尻尾と耳が少し垂れ下がっており、反省していることを如実に表している。ちょっと…いや、かなりかわいいと思ってしまった。私にはみぃがいるのに、浮気でもした気分だ。
浮気なんてしたことないから分からないけど…。
それに…付き合っているわけでは無いから、浮気にもならない。
「お気になさらずに。…とりあえず、メリー様はカルロス…教皇にお渡しできますか?」
「うん。だいじょーぶ!これをきょーこうさまにわたせばいいんだよね?」
「はい。」
「わかったー!じゃあワタイ!さっそくわたしてくるねー!」
私がどうでもいい妄想をしている間に、話が着いたようだ。
メリーは勢い良く手を振ってから、走って外に飛び出していった。
天真爛漫って言葉が真に似合う程、元気で溢れていた娘だった。
まだ会ったばかりなのに、もうそんな印象を私達は抱いた。
「なんか、落ち着きがない娘だったな…。あれ、大丈夫か?」
「大丈夫だと思います。……しばらくかかりそうですね。わたくしはここで待機しますが、お二人はどうしますか?」
「アタシは暇だから、おっさんの所を覗いてくるぜ!ミカも来るか?」
「え…?………う…うん。」
つい反射的に返事をしたが、よく考えてみると聖都なんて言う前世じゃ無かった所に来たのだから、いろいろ見たりしないと損だと思った。

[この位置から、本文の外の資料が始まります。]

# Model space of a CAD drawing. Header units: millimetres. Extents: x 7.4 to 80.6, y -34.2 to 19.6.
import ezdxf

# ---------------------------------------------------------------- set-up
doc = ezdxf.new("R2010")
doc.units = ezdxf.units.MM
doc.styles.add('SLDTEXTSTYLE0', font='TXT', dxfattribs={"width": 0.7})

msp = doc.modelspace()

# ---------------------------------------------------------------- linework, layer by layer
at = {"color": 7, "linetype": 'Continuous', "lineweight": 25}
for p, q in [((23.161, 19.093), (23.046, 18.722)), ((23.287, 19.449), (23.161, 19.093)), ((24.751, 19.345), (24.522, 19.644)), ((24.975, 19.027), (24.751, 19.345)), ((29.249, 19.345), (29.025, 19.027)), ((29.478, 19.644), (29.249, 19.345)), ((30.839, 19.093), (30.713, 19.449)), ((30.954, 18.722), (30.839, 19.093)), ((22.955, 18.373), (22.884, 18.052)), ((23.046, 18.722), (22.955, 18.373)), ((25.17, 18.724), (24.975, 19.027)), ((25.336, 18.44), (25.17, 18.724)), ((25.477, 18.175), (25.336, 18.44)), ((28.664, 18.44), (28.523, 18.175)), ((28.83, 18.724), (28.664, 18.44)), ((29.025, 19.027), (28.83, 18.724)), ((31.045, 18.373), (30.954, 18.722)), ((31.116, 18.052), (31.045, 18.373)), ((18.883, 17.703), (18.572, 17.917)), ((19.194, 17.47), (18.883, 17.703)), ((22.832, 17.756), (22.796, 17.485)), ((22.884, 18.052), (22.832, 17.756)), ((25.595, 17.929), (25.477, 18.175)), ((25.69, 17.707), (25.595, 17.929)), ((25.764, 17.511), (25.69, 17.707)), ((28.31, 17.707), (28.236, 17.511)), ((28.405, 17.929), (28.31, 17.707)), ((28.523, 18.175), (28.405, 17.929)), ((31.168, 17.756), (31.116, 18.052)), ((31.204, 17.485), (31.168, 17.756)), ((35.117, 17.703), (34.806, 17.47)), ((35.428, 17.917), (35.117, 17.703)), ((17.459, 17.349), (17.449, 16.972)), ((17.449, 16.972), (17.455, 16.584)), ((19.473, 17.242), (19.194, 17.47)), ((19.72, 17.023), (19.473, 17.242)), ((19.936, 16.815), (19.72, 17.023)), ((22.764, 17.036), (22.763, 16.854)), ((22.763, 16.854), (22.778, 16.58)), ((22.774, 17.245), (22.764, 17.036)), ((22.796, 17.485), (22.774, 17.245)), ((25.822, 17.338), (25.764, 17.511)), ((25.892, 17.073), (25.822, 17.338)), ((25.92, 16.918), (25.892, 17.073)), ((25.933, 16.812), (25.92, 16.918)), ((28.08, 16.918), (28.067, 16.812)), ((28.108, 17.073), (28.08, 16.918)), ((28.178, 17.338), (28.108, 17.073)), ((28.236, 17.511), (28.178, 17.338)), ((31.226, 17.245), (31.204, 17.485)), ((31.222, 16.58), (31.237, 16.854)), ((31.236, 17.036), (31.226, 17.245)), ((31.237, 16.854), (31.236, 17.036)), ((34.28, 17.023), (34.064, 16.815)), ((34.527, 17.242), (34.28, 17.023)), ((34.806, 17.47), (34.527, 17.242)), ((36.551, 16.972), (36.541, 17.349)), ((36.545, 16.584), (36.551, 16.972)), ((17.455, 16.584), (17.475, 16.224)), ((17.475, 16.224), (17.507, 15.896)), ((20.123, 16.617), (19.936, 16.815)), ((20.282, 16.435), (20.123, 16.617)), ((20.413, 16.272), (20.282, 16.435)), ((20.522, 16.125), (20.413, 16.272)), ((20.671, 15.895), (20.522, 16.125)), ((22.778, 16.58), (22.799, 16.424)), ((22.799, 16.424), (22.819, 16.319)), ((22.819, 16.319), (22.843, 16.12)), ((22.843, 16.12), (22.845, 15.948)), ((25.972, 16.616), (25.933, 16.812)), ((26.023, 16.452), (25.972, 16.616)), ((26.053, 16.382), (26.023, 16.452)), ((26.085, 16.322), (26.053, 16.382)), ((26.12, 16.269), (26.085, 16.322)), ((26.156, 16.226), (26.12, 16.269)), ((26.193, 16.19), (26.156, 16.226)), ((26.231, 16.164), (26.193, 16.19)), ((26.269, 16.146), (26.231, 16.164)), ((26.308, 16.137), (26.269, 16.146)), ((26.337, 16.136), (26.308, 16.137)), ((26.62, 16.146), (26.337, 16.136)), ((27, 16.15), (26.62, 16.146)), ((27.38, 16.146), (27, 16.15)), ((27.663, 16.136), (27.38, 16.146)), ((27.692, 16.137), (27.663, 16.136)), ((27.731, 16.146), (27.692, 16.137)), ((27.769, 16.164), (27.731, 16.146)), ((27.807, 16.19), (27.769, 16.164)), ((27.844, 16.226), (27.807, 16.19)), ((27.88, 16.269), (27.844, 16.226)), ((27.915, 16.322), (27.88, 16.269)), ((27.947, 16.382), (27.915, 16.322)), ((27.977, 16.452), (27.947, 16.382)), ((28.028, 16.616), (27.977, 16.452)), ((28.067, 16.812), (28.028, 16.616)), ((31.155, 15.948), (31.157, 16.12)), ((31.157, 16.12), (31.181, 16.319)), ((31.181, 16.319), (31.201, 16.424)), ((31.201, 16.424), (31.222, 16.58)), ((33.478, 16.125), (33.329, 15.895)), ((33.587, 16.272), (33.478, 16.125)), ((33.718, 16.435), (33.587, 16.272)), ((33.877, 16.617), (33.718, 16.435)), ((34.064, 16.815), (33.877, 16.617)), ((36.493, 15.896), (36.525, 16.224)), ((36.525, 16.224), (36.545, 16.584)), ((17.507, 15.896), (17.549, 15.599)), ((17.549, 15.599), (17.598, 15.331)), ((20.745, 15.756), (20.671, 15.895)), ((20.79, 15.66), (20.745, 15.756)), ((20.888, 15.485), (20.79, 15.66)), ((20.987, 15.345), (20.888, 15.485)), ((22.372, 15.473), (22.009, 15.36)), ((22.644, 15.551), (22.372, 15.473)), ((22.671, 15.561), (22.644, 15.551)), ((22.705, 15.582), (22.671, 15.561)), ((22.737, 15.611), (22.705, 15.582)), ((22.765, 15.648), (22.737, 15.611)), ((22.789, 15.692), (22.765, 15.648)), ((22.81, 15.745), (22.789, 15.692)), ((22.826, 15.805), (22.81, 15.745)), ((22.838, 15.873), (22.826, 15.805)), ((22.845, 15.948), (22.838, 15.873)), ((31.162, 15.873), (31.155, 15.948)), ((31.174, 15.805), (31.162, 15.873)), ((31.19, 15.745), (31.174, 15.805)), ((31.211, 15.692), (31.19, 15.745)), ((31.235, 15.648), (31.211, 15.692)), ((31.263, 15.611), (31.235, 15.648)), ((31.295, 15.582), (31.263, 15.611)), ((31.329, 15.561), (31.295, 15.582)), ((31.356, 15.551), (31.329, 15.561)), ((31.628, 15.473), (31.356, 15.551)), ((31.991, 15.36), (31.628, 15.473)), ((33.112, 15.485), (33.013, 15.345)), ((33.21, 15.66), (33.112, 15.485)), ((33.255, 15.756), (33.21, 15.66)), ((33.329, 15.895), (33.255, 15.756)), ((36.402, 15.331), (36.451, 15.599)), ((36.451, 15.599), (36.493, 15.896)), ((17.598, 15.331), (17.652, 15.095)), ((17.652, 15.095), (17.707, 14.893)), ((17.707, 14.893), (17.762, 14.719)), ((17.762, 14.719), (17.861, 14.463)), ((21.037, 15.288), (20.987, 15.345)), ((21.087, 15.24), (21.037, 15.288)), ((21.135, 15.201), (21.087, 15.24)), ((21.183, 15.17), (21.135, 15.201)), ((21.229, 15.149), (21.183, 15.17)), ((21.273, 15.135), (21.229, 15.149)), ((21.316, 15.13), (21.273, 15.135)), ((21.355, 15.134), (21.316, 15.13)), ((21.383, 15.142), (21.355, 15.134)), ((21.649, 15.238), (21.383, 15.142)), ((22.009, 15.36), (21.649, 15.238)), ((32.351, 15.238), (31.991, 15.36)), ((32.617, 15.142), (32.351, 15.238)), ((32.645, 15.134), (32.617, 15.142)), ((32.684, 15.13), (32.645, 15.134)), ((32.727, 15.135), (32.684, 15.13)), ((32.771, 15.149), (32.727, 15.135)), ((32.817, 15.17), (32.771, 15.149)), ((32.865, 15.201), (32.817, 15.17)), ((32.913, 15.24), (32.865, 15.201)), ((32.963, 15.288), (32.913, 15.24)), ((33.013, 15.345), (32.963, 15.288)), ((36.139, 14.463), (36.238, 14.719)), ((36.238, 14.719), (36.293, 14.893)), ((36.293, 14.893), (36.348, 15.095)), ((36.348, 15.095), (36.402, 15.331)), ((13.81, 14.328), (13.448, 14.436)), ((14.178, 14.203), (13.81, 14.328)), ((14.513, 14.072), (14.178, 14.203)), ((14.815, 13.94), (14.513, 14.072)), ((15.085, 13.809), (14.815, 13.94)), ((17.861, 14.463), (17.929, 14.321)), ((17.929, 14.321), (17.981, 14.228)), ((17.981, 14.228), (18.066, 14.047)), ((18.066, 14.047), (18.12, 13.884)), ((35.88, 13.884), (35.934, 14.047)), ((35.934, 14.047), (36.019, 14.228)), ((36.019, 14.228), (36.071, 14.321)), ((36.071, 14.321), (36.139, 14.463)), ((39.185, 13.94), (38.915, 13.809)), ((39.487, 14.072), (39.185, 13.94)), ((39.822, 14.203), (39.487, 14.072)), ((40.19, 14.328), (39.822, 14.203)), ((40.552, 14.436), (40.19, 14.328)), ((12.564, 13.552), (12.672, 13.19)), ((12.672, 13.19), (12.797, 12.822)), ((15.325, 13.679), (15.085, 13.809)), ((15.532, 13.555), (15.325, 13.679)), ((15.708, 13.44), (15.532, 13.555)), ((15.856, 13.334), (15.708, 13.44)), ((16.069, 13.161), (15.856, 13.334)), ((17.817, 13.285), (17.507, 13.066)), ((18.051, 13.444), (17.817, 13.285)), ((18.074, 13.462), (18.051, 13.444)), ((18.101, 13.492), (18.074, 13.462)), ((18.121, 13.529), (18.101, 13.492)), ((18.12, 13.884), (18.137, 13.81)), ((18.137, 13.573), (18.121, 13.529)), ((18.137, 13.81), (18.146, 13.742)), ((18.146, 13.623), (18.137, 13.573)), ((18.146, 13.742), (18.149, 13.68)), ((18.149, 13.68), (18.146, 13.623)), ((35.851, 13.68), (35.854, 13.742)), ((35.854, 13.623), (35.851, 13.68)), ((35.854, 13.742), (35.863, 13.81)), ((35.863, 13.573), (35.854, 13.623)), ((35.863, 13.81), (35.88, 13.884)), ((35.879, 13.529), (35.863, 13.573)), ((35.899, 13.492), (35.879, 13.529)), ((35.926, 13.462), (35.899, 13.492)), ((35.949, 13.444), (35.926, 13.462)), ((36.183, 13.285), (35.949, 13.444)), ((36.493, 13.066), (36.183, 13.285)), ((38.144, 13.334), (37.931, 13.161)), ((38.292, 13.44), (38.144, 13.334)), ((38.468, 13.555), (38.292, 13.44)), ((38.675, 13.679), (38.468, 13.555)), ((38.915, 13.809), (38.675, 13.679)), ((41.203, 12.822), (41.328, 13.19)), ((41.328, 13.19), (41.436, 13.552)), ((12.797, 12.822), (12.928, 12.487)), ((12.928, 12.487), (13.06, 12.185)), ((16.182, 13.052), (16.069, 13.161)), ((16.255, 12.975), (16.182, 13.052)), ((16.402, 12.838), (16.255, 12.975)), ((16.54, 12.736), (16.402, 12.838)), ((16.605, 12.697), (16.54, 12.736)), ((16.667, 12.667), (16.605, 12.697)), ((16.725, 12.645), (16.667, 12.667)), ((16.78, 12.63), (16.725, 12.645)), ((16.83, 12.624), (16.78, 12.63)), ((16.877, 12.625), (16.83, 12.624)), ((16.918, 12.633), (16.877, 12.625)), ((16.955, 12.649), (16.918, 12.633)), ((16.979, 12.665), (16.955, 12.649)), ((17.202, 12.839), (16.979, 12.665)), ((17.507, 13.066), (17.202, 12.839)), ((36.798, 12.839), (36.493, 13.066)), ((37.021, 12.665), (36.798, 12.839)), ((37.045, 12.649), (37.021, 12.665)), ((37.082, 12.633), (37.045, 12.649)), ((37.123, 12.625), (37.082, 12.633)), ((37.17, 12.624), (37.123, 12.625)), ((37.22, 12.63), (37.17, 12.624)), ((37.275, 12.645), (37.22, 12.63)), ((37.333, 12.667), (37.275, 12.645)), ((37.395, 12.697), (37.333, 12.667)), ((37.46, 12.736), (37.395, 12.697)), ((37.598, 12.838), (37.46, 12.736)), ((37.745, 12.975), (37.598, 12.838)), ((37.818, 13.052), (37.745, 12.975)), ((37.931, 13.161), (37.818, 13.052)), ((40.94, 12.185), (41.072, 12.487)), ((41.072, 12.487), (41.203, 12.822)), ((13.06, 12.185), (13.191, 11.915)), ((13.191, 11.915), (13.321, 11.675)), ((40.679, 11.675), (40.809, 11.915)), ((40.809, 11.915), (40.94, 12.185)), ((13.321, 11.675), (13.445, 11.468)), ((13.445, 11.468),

それに一人で出歩くのはちょっと抵抗があるが、アンリも一緒なら安心できる。
「せっかく来たので…色々見て回りたい…です…」
「わかりました。日が沈み次第、宿に戻ってくださいね。」
「わかった…」
「了解だぜ!じゃ、ミカ、さっさと行こうぜ!」
マリアは一瞬だけ優しく微笑み、すぐにいつもの顔に戻した。
「行ってらっしゃいませ。」
マリアから淑やかな動作で見送られ、私は手をつながれ元気いっぱいなアンリに連れていかれた。
美しい自然の中にある白銀の聖都、ようやく異世界を満喫できる事に心が躍った。